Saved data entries
*****

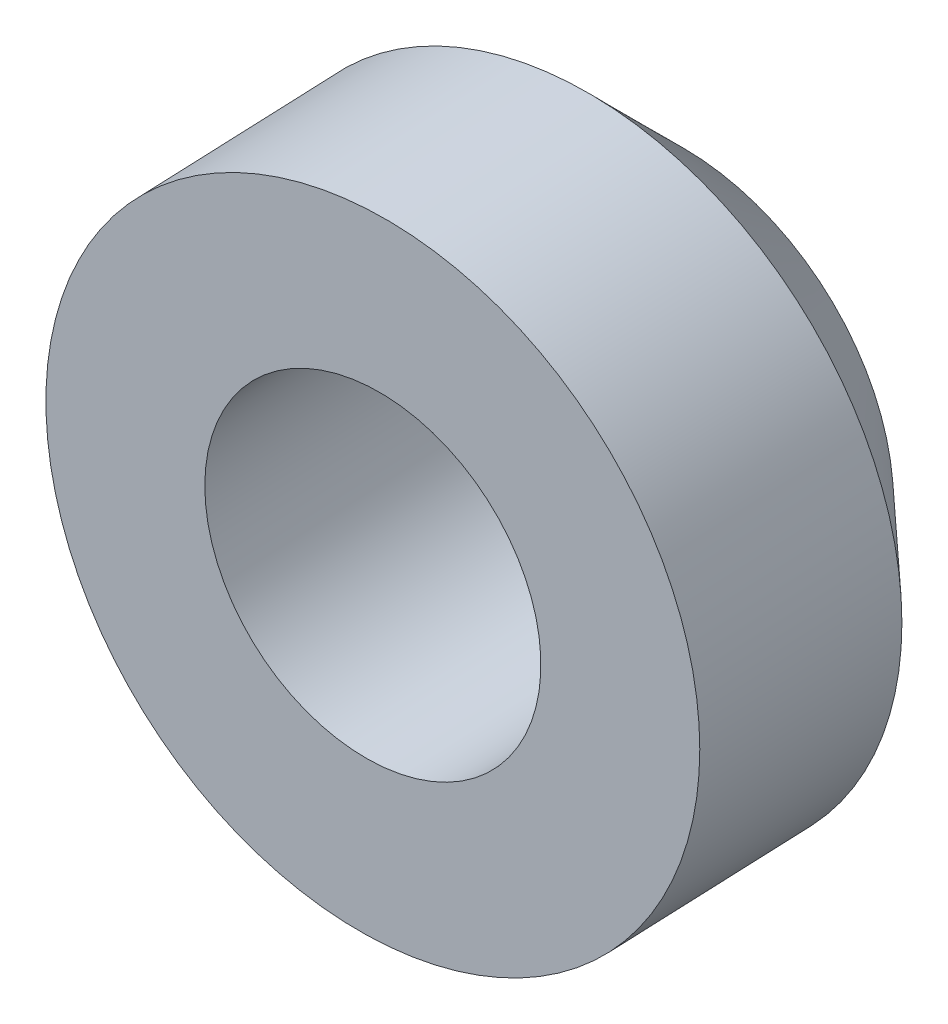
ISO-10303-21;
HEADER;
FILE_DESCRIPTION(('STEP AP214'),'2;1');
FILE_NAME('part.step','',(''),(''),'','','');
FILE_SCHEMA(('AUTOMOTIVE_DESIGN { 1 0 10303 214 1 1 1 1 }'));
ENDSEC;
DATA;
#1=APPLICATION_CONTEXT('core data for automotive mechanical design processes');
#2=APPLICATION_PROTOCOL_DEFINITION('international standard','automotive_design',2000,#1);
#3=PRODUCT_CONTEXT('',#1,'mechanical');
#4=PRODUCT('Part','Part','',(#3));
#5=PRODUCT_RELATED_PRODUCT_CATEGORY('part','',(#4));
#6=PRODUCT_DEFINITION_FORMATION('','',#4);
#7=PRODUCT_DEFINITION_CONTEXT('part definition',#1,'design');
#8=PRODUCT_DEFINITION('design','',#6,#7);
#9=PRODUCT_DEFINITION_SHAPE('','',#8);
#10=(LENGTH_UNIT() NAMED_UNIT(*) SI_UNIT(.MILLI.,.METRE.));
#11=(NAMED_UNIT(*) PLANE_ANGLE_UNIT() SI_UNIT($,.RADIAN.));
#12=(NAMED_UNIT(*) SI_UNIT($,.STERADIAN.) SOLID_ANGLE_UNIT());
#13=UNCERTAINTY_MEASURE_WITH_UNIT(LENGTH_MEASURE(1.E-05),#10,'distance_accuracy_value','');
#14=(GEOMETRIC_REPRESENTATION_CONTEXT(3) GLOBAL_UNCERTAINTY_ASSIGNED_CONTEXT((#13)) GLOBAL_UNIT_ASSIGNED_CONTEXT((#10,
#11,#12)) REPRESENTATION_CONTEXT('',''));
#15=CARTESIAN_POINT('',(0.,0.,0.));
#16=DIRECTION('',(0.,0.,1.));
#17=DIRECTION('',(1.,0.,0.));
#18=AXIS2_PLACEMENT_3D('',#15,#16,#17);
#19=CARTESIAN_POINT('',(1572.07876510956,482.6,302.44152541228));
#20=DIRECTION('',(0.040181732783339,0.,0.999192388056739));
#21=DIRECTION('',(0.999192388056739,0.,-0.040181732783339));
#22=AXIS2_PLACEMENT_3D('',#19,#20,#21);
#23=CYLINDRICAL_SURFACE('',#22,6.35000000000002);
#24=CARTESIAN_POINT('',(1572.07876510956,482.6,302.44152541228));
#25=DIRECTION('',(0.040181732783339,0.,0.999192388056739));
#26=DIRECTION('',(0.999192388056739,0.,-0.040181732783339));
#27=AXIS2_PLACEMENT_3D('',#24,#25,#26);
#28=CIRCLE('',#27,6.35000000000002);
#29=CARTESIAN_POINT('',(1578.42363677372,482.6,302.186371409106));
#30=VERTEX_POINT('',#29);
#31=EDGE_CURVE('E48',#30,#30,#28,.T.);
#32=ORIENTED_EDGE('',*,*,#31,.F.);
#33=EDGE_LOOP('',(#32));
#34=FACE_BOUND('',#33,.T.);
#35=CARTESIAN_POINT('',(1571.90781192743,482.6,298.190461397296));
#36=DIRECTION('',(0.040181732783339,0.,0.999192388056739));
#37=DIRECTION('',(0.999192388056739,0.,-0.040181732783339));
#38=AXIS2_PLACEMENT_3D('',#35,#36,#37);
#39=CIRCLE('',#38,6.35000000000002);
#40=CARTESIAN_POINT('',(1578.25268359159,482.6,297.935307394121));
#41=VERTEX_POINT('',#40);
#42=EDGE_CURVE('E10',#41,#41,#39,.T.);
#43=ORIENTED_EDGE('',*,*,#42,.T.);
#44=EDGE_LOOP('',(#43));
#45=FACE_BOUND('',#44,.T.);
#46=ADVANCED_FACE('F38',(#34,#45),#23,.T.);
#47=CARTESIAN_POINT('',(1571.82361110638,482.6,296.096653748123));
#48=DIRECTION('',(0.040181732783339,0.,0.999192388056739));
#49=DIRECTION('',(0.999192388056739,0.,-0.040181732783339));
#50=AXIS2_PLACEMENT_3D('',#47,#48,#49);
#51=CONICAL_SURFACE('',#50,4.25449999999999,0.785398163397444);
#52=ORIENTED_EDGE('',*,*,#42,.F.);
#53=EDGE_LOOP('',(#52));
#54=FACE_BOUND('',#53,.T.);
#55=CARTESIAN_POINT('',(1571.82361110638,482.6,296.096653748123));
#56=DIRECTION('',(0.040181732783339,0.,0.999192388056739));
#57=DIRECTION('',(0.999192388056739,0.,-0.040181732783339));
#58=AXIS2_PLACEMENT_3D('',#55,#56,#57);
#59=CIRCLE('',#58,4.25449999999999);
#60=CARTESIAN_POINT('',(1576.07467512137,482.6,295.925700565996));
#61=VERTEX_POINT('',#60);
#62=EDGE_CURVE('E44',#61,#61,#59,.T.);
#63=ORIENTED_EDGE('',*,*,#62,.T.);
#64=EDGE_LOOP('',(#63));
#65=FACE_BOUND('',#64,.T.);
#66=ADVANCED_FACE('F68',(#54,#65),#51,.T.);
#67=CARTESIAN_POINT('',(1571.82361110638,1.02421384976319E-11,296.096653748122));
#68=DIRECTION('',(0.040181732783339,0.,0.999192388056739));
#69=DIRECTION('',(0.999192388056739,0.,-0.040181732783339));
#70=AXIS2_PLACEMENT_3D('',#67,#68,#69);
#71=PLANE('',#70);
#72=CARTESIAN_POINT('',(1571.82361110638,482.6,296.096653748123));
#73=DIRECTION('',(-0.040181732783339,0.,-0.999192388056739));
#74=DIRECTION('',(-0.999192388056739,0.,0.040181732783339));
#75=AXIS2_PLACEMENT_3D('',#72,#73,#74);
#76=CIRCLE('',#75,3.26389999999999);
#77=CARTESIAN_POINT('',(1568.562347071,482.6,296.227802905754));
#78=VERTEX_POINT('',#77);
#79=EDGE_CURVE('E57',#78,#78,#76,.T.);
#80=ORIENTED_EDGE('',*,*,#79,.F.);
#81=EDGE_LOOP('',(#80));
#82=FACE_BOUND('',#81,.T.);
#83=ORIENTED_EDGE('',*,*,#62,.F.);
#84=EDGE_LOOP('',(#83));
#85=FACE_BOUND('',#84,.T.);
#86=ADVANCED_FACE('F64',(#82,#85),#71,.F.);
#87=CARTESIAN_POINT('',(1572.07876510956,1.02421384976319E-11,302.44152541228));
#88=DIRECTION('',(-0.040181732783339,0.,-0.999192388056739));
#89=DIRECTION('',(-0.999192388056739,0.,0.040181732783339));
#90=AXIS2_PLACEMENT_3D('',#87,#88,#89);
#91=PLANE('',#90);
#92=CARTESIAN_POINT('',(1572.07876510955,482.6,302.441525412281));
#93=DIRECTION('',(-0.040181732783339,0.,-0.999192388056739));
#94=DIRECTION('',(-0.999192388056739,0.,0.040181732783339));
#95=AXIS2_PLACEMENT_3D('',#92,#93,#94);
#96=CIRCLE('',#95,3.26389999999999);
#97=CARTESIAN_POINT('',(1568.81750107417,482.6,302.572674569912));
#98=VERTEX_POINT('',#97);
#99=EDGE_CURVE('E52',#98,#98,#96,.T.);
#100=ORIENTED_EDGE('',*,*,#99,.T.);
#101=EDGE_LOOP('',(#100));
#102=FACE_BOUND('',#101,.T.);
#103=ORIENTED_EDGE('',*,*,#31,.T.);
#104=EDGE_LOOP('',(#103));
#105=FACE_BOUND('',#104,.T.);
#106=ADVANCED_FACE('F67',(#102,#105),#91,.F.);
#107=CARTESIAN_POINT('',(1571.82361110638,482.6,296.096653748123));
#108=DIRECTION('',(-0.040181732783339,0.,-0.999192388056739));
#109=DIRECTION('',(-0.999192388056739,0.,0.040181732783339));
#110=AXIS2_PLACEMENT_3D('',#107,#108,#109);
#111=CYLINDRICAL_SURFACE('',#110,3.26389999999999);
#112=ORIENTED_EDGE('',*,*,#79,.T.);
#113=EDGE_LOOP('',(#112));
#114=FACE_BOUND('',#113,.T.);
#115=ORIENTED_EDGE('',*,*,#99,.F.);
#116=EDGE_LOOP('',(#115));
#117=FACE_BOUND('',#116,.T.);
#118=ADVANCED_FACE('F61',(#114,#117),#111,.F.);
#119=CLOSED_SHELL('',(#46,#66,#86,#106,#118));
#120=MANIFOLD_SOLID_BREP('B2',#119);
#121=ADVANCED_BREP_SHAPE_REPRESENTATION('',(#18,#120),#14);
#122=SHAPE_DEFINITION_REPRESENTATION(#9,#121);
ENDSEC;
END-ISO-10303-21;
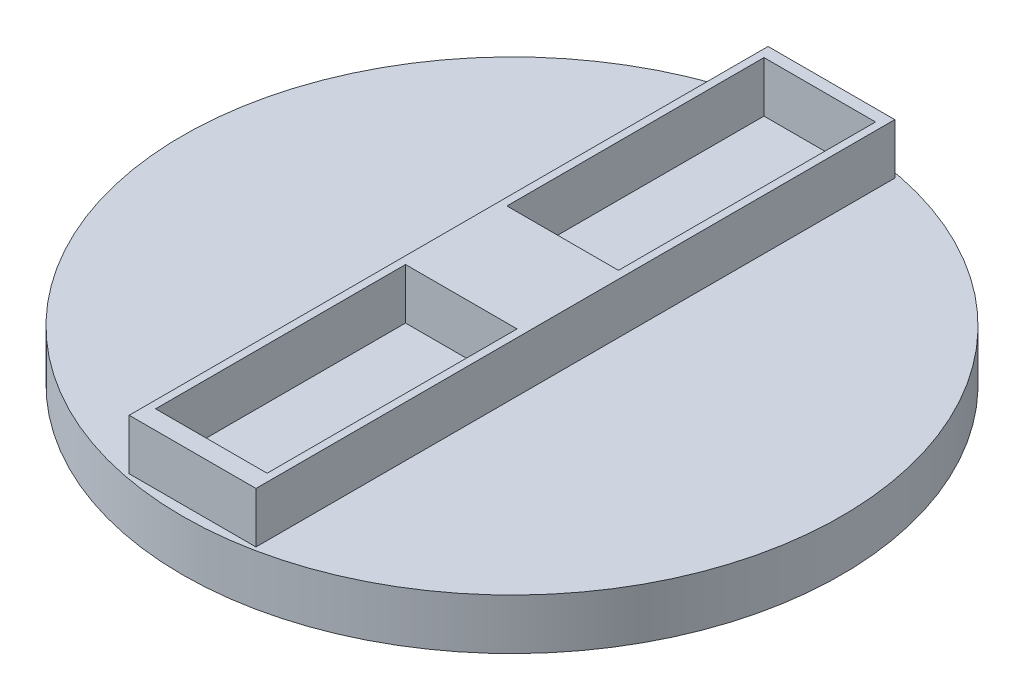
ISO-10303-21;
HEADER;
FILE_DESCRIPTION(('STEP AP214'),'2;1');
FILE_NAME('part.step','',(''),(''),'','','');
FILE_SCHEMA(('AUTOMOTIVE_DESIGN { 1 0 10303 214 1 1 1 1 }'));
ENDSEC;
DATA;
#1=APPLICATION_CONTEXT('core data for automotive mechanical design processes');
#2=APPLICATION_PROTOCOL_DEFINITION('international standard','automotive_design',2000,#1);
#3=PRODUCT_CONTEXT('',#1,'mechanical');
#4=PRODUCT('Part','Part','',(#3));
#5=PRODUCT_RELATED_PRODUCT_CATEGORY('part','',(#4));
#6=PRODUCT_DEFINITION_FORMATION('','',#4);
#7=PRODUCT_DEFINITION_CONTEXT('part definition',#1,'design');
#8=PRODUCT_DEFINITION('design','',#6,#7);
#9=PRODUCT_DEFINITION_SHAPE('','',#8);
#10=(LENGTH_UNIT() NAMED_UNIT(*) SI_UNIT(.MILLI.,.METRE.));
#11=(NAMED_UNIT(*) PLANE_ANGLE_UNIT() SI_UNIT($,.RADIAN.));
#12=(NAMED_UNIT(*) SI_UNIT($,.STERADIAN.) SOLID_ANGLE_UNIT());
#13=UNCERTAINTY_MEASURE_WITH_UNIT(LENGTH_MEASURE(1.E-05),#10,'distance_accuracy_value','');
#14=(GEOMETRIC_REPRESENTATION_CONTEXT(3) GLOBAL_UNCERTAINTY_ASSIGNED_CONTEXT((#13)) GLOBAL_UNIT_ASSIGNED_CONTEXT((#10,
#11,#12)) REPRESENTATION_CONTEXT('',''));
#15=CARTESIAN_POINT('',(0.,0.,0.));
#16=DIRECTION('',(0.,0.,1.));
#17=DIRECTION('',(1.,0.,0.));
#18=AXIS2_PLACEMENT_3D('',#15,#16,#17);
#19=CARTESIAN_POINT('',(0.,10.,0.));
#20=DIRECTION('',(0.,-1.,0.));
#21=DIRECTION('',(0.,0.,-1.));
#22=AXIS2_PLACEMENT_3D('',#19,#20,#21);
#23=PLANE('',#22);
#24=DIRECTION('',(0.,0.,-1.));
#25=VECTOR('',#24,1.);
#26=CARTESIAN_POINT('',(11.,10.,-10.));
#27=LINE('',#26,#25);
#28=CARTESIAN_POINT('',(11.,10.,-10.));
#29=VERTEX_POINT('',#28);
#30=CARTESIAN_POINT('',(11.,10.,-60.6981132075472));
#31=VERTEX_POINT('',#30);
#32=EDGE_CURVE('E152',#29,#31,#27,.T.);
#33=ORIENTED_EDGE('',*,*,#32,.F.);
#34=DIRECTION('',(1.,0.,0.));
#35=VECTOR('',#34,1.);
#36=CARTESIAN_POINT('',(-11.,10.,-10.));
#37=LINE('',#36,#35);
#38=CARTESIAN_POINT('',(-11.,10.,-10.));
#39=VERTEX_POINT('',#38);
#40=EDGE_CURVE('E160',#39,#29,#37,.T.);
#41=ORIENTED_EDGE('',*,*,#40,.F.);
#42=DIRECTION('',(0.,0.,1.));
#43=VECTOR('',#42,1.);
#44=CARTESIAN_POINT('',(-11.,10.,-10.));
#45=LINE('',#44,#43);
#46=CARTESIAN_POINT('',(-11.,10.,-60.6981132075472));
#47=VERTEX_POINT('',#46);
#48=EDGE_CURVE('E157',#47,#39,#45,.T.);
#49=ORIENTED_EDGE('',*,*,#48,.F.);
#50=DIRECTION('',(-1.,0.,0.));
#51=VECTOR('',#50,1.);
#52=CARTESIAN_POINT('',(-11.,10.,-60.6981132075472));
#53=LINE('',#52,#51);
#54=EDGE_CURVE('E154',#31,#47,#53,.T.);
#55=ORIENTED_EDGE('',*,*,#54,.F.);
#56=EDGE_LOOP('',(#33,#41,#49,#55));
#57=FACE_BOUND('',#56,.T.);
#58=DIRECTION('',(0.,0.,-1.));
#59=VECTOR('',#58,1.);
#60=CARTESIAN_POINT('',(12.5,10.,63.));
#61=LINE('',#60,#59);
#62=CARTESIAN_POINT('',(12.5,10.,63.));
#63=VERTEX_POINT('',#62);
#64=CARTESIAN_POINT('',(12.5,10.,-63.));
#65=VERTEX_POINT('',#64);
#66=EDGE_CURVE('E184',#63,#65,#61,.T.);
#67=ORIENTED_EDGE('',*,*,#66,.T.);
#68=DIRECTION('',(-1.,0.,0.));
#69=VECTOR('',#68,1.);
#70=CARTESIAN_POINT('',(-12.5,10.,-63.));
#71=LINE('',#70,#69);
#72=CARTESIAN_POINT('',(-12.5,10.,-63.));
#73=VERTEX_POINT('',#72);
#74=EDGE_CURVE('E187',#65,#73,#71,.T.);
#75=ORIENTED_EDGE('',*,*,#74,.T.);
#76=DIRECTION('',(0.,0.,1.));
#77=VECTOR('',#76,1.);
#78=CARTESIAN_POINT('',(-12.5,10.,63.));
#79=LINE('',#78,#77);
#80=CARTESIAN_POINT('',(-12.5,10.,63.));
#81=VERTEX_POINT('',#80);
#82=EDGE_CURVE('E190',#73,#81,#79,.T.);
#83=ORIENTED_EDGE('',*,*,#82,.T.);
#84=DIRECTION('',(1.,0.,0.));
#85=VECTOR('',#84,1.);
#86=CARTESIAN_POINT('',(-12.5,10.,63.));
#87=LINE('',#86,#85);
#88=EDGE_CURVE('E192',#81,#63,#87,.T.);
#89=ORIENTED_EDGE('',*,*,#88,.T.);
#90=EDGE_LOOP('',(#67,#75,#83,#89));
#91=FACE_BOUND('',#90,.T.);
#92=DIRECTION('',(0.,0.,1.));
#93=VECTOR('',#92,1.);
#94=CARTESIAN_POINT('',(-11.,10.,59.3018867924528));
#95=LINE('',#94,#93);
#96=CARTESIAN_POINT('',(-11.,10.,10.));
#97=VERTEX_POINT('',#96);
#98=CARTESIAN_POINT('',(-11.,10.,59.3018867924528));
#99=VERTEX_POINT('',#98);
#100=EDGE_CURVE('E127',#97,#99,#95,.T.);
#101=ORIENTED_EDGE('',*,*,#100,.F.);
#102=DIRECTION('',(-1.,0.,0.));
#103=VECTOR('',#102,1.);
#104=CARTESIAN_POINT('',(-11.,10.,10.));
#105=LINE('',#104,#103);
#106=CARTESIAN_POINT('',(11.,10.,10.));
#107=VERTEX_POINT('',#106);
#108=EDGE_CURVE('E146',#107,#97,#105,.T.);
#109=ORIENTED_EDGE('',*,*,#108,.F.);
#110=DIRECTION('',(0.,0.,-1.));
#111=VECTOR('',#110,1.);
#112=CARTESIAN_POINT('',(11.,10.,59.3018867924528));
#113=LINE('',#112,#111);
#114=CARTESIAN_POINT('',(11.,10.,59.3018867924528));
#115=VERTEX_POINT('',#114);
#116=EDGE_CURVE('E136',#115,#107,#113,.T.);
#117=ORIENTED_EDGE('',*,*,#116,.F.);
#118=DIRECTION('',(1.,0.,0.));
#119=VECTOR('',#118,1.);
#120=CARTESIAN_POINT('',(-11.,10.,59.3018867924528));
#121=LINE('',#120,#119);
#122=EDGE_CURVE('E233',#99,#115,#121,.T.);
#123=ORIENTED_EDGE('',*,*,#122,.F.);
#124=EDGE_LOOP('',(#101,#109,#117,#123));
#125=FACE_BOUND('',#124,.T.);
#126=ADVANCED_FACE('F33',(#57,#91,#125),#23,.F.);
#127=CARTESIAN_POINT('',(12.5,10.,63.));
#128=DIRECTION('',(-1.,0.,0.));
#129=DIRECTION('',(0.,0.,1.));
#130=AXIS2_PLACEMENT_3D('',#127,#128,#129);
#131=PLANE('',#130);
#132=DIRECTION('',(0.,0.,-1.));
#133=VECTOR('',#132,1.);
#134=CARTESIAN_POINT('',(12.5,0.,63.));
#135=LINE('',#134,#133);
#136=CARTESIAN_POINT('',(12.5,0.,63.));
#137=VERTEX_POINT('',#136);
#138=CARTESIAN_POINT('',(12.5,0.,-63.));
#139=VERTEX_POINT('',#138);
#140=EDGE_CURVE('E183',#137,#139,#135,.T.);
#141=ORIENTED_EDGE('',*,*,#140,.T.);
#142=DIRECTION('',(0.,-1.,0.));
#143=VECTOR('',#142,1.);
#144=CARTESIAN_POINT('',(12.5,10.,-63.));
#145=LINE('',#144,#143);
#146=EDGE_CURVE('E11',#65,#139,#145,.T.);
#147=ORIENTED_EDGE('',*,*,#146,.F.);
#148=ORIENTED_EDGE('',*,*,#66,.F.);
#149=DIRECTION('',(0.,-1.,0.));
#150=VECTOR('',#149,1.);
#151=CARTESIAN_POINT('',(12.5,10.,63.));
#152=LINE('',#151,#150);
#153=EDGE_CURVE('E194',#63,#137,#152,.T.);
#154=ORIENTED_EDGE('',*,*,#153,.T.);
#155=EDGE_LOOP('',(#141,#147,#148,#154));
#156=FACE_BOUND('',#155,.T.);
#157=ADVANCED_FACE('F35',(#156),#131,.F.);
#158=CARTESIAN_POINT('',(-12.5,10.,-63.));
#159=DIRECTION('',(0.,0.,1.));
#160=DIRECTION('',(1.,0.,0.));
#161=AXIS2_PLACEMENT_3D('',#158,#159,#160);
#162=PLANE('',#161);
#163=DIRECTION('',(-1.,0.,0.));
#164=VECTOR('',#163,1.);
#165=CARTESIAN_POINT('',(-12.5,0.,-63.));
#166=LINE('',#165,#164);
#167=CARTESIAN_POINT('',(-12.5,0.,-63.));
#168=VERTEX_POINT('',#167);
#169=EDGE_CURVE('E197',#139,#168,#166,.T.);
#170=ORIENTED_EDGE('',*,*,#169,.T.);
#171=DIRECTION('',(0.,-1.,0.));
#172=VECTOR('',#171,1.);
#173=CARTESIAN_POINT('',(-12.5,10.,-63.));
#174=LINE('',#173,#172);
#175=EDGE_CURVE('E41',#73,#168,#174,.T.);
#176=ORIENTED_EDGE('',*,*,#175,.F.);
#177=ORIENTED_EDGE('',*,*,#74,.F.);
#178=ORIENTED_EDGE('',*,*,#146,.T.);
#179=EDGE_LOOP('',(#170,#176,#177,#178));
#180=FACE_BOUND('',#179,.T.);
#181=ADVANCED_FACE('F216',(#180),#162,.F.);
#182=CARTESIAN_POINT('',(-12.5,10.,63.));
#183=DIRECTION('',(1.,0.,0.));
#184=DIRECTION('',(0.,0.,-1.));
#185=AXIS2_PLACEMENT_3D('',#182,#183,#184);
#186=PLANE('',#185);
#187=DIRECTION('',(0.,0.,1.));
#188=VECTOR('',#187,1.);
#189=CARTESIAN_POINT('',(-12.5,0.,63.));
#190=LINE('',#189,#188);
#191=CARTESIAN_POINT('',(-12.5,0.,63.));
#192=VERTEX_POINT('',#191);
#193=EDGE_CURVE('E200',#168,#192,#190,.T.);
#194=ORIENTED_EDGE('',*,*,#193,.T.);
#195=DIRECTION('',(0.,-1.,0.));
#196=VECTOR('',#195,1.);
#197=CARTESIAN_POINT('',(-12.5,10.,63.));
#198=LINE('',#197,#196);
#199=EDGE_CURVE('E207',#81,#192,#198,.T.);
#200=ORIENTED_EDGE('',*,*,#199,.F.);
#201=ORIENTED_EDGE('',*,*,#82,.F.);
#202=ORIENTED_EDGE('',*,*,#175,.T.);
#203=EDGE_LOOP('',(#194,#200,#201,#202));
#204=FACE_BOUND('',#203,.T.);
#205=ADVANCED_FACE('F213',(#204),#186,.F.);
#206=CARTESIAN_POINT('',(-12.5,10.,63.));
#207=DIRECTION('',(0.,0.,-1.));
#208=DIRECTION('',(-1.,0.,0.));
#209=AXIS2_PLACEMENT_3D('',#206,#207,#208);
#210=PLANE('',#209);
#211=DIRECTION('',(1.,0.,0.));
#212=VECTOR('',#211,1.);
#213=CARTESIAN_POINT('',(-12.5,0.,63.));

*****

• **About this exercise**:
Lines from the one with "#205=ADVANCED_FACE('F213',(#204),#186,.F.);" through the end of the data: set these down exactly, including both ends and nothing more.

• **Response**:
#205=ADVANCED_FACE('F213',(#204),#186,.F.);
#206=CARTESIAN_POINT('',(-12.5,10.,63.));
#207=DIRECTION('',(0.,0.,-1.));
#208=DIRECTION('',(-1.,0.,0.));
#209=AXIS2_PLACEMENT_3D('',#206,#207,#208);
#210=PLANE('',#209);
#211=DIRECTION('',(1.,0.,0.));
#212=VECTOR('',#211,1.);
#213=CARTESIAN_POINT('',(-12.5,0.,63.));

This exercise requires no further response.